I've got a class called APC::Event.  The idea is that when you instantiate
one of these objects, you are signalling that a particular event has
happened; ergo, it takes the information you specified, deduces a bunch
more stuff, and logs all of it to a database.  Afterwards it sticks around
and provides an interface to that record (or the whole table, actually).
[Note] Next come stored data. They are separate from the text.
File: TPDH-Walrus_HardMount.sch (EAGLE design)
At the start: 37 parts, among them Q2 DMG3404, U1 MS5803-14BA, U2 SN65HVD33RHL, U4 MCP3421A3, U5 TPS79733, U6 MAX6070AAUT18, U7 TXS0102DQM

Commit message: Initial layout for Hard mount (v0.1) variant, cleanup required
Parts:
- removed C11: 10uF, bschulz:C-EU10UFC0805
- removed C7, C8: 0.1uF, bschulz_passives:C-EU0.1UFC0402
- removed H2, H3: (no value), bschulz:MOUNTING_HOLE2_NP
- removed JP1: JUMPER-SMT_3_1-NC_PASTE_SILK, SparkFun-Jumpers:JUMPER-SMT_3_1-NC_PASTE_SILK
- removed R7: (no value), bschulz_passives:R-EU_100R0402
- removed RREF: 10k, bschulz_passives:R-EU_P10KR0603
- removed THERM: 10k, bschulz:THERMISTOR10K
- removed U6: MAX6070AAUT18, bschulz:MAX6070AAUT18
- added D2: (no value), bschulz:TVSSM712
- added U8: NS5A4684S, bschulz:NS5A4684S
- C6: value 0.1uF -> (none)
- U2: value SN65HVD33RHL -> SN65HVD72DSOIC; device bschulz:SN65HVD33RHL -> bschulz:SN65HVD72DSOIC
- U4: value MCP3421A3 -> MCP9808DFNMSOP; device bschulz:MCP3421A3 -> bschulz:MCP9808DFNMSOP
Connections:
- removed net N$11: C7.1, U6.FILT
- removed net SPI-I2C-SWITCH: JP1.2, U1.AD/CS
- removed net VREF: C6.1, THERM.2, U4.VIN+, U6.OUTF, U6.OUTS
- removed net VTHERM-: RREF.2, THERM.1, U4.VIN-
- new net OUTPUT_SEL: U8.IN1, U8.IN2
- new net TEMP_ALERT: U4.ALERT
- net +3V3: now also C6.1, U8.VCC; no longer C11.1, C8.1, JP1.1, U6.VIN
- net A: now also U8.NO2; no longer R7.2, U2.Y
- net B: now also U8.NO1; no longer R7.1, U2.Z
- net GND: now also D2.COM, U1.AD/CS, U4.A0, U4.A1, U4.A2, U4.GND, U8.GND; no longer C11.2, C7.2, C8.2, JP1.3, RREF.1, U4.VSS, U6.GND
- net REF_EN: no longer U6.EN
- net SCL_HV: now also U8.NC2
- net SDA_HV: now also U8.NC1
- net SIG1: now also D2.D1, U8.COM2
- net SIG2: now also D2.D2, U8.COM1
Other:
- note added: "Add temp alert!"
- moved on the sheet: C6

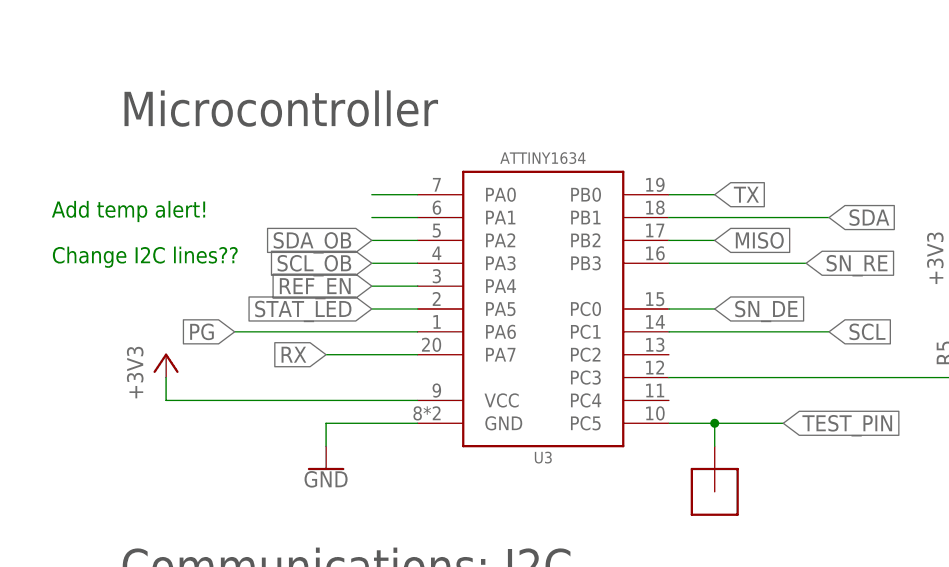
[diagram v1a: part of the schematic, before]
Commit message: Continued layout, final cleanup required
Cleanup and pours required
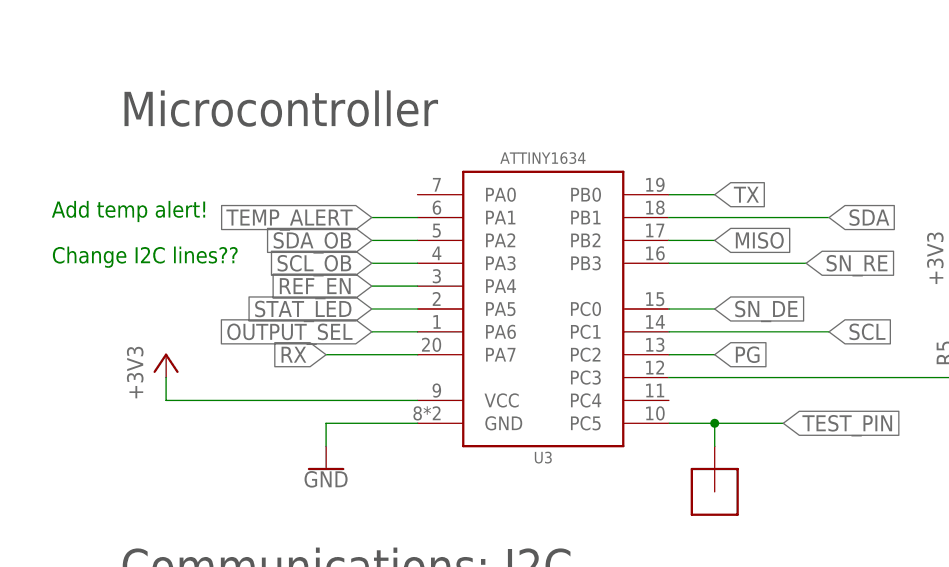
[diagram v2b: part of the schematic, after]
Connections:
- removed net N$1: U3.PA0
- removed net N$3: U3.PA1
- net OUTPUT_SEL: now also U3.PA6
- net PG: now also U3.PC2; no longer U3.PA6
- net TEMP_ALERT: now also U3.PA1
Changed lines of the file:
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@@
 </segment>
 <segment>
-<pinref part="U3" gate="G$1" pin="PA6"/>
-<wire x1="187.96" y1="99.06" x2="167.64" y2="99.06" width="0.1524" layer="91"/>
-<label x="167.64" y="99.06" size="1.778" layer="95" rot="R180" xref="yes"/>
+<pinref part="U3" gate="G$1" pin="PC2"/>
+<wire x1="215.9" y1="96.52" x2="220.98" y2="96.52" width="0.1524" layer="91"/>
+<label x="220.98" y="96.52" size="1.778" layer="95" xref="yes"/>
 </segment>
 </net>
@@
 </segment>
 </net>
-<net name="N$1" class="0">
-<segment>
-<pinref part="U3" gate="G$1" pin="PA0"/>
-<wire x1="187.96" y1="114.3" x2="182.88" y2="114.3" width="0.1524" layer="91"/>
-</segment>
-</net>
-<net name="N$3" class="0">
-<segment>
-<pinref part="U3" gate="G$1" pin="PA1"/>
-<wire x1="187.96" y1="111.76" x2="182.88" y2="111.76" width="0.1524" layer="91"/>
-</segment>
-</net>
 <net name="SDA_OB" class="0">
 <segment>
@@
 <label x="15.24" y="124.46" size="1.778" layer="95"/>
 </segment>
+<segment>
+<pinref part="U3" gate="G$1" pin="PA1"/>
+<wire x1="187.96" y1="111.76" x2="182.88" y2="111.76" width="0.1524" layer="91"/>
+<label x="182.88" y="111.76" size="1.778" layer="95" rot="R180" xref="yes"/>
+</segment>
 </net>
 <net name="OUTPUT_SEL" class="0">
@@
 <label x="68.58" y="137.16" size="1.778" layer="95"/>
 </segment>
-</net>
+<segment>
+<pinref part="U3" gate="G$1" pin="PA6"/>
+<wire x1="187.96" y1="99.06" x2="182.88" y2="99.06" width="0.1524" layer="91"/>
+<label x="182.88" y="99.06" size="1.778" layer="95" rot="R180" xref="yes"/>
+</segment>
+</net>

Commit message: Minor layout updates, sent to fab
Cleaned up layout, sent to fab
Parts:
- U4: value MCP9808DFNMSOP -> MCP9808MSOP; device bschulz:MCP9808DFNMSOP -> bschulz:MCP9808MSOP
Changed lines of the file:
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@@
 <part name="U8" library="bschulz" deviceset="NS5A4684S" device=""/>
 <part name="U2" library="bschulz" deviceset="SN65HVD72" device="SOIC" technology="D"/>
-<part name="U4" library="bschulz" deviceset="MCP9808" device="MSOP" technology="DFN"/>
+<part name="U4" library="bschulz" deviceset="MCP9808" device="MSOP"/>
 <part name="GND4" library="supply1" library_urn="urn:adsk.eagle:library:371" deviceset="GND" device=""/>
 <part name="C6" library="bschulz_passives" deviceset="C-EU" device="C0402" technology="0.1UF"/>

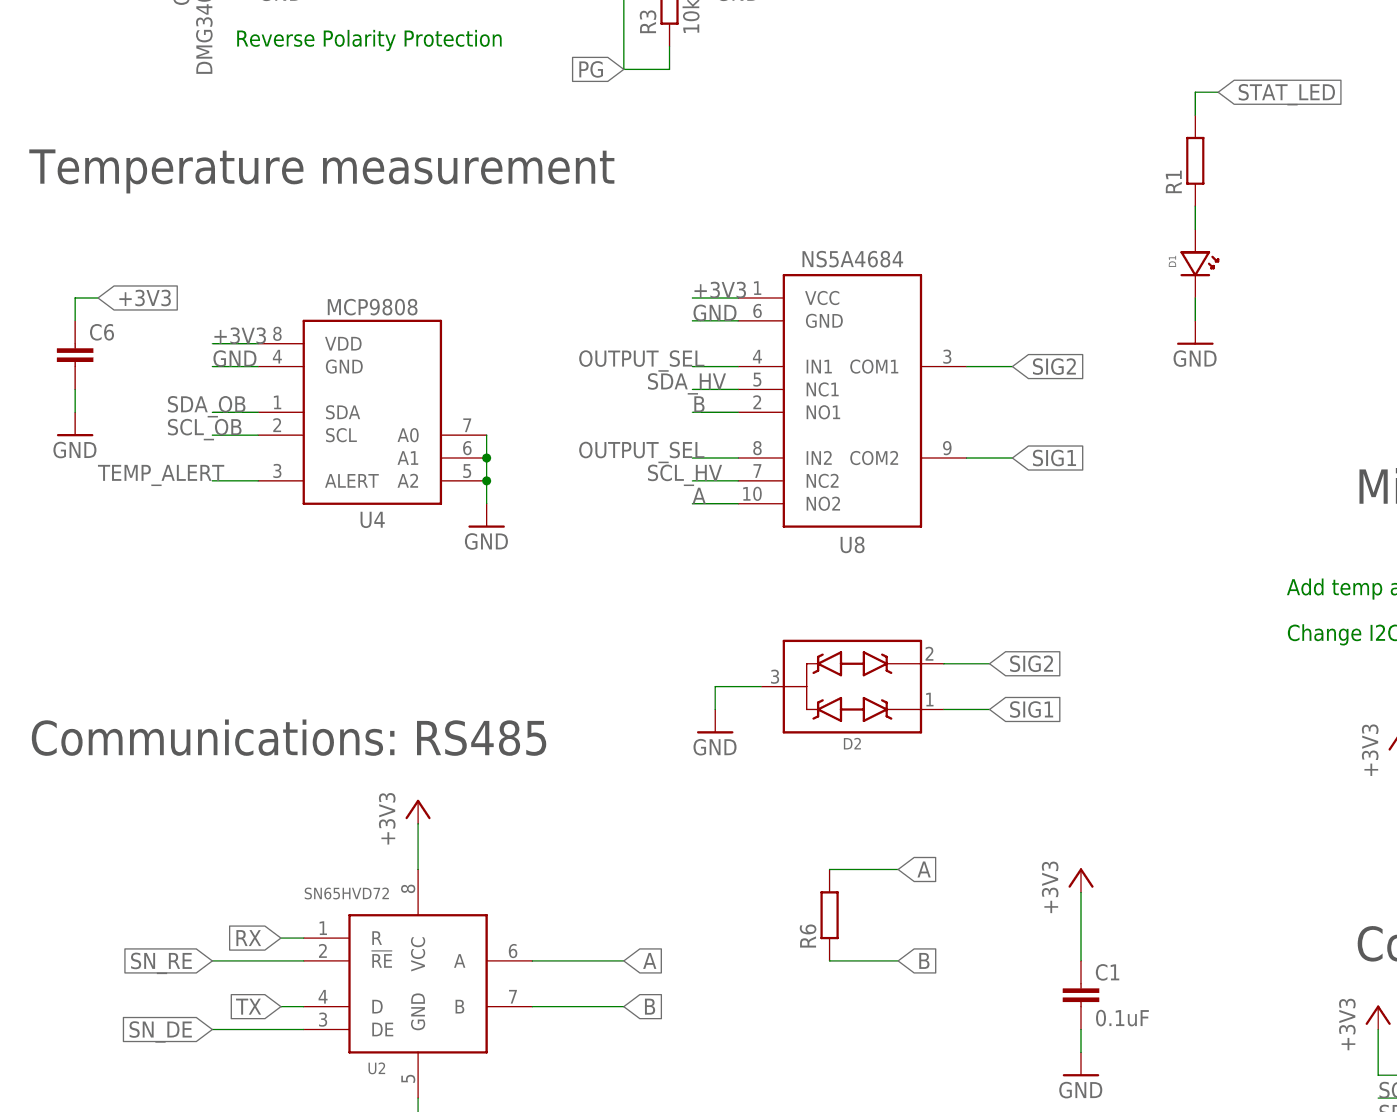
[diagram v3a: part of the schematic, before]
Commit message: Added BOM for hard mount, minor part number cleanup
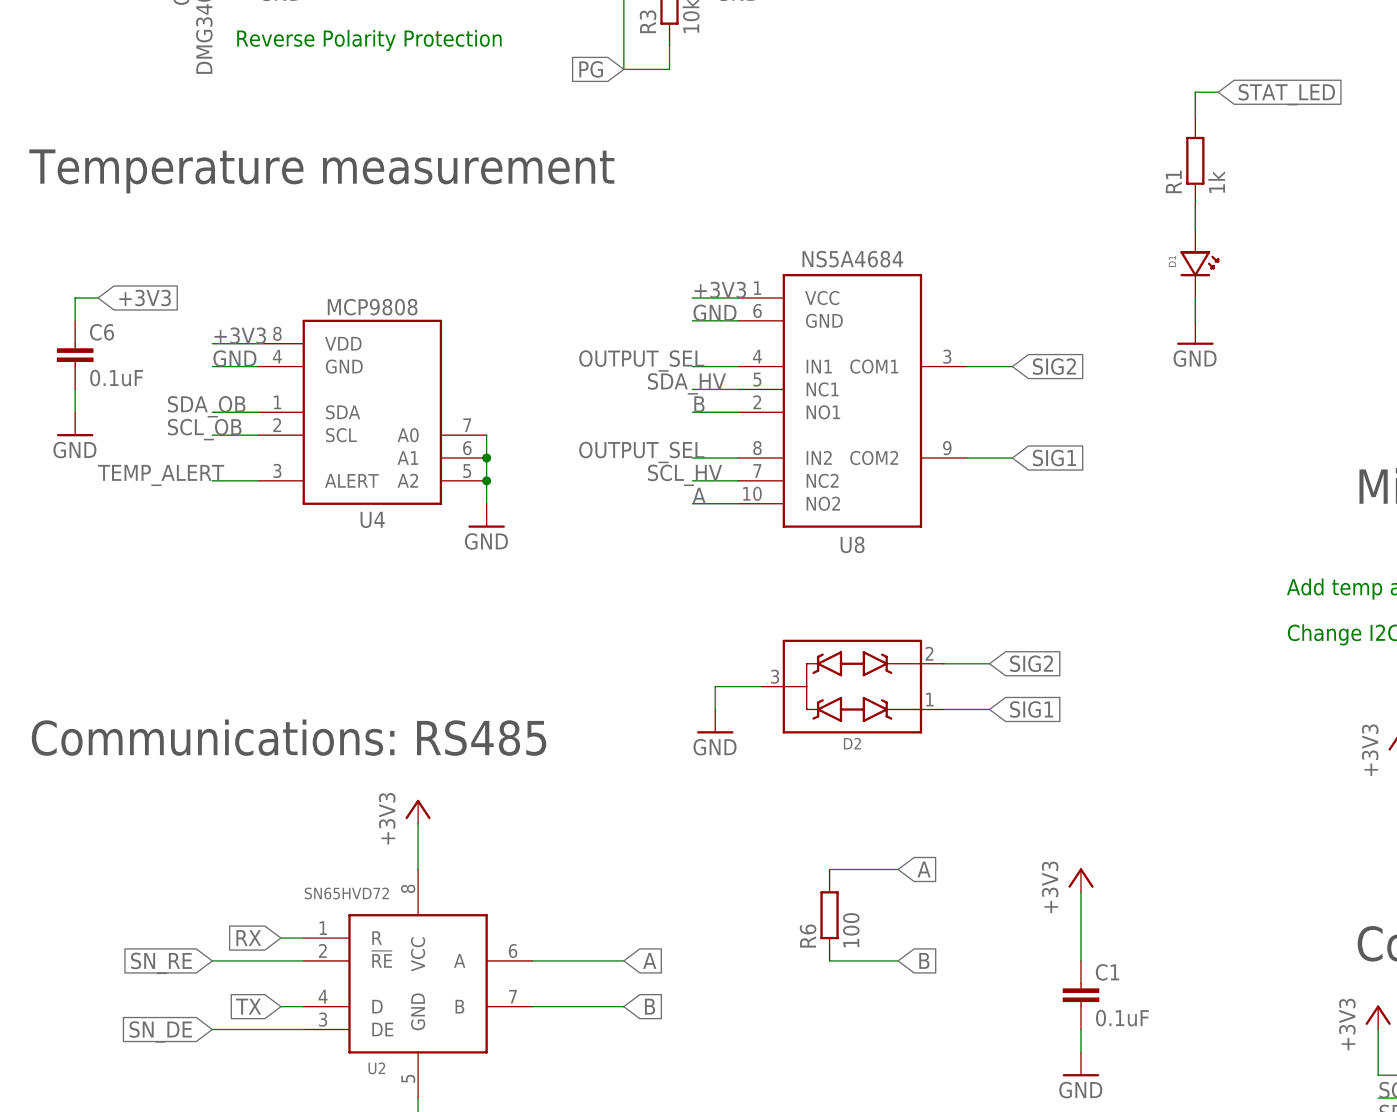
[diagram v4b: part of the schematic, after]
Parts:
- C6: value (none) -> 0.1uF
- R1: value (none) -> 1k
- R6: value (none) -> 100
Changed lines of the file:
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@@
 <?xml version="1.0" encoding="utf-8"?>
 <!DOCTYPE eagle SYSTEM "eagle.dtd">
-<eagle version="9.4.2">
+<eagle version="9.2.1">
 <drawing>
 <settings>
@@
 <part name="R5" library="bschulz_passives" deviceset="R-EU_" device="R0402" technology="10K" value="10k"/>
 <part name="U$12" library="bschulz" deviceset="POGO_PAD" device=""/>
-<part name="R6" library="bschulz_passives" deviceset="R-EU_" device="R0402" technology="100"/>
+<part name="R6" library="bschulz_passives" deviceset="R-EU_" device="R0402" technology="100" value="100"/>
 <part name="U5" library="bschulz" deviceset="TPS797*" device="" technology="33"/>
 <part name="C4" library="bschulz_passives" deviceset="C-EU" device="C0402" technology="0.1UF" value="0.1uF"/>
@@
 <part name="LOGO1" library="SparkFun-Aesthetics" deviceset="OSHW-LOGO" device="M"/>
 <part name="D1" library="bschulz" deviceset="LED" device="0603" technology="BLUE"/>
-<part name="R1" library="bschulz_passives" deviceset="R-EU_" device="R0402"/>
+<part name="R1" library="bschulz_passives" deviceset="R-EU_" device="R0402" value="1k"/>
 <part name="GND20" library="supply1" library_urn="urn:adsk.eagle:library:371" deviceset="GND" device=""/>
 <part name="U$1" library="bschulz" deviceset="SOLDERCUP_CONN_QUAD" device=""/>
@@
 <part name="U4" library="bschulz" deviceset="MCP9808" device="MSOP"/>
 <part name="GND4" library="supply1" library_urn="urn:adsk.eagle:library:371" deviceset="GND" device=""/>
-<part name="C6" library="bschulz_passives" deviceset="C-EU" device="C0402" technology="0.1UF"/>
+<part name="C6" library="bschulz_passives" deviceset="C-EU" device="C0402" technology="0.1UF" value="0.1uF"/>
 <part name="GND5" library="supply1" library_urn="urn:adsk.eagle:library:371" deviceset="GND" device=""/>
 <part name="D2" library="bschulz" deviceset="TVS" device="SM712"/>

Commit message: Update to v0.1 hardware, review required
Initial update complete, requires review and verification of various fixes
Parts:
- added R2: 10k, bschulz_passives:R-EU_10KR0402
- C4: value 0.1uF -> 1uF; device bschulz_passives:C-EU0.1UFC0402 -> bschulz:C-EU1UFC0603
- C5: device bschulz_passives:C-EU1UFC0603 -> bschulz:C-EU1UFC0603
- R1: device bschulz_passives:R-EU_R0402 -> bschulz_passives:R-EU_1KR0603
- U5: value TPS79733 -> LP39883.3VDBV; device bschulz:TPS79733 -> bschulz:LP39883.3VDBV
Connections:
- removed net /RESET: ISP1.RST, R5.1, U3.PC3
- new net !RESET: ISP1.RST, R5.1, U3.PC3, U5.PG
- net +3V3: now also R2.2; no longer U8.VCC
- net PG: no longer R3.1, U5.PG
- net SCL_HV: now also U8.NC1; no longer U8.NC2
- net SCL_OB: now also R2.1
- net SDA_HV: now also U8.NC2; no longer U8.NC1
- net SDA_OB: now also R3.1
- net VIN+: now also U5.EN, U8.VCC
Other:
- moved on the sheet: C5, R3

I've just discovered the Tie::DBI modules, and they seem like exactly what
I want here, but I'm wondering if the following is going to get me in
trouble:


sub new {
my ($proto, %args) = @_;

my %self;
my $database_handle =$args{ dbh }
  || DBH(\%default_database_params,
 {PrintError = 0, RaiseError = 1}
);
tie %self, Tie::DBI, { db   = $database_handle,
   CLOBBER  = 1,   #  Allow INSERT and UPDATE,
#  but not DELETE
 };


my $class =ref $proto# Are we being called as a class or
|| $proto# instance method?
|| 'APC::Event';

bless \%self, $class;
}


I haven't done that much with tie in the past, and I've never done
anything where I tied an object and then blessed it, so I'm not quite sure
what the implications are.  Specifically,


1) As I understand it, tie() uses bless() under the hood; is this correct?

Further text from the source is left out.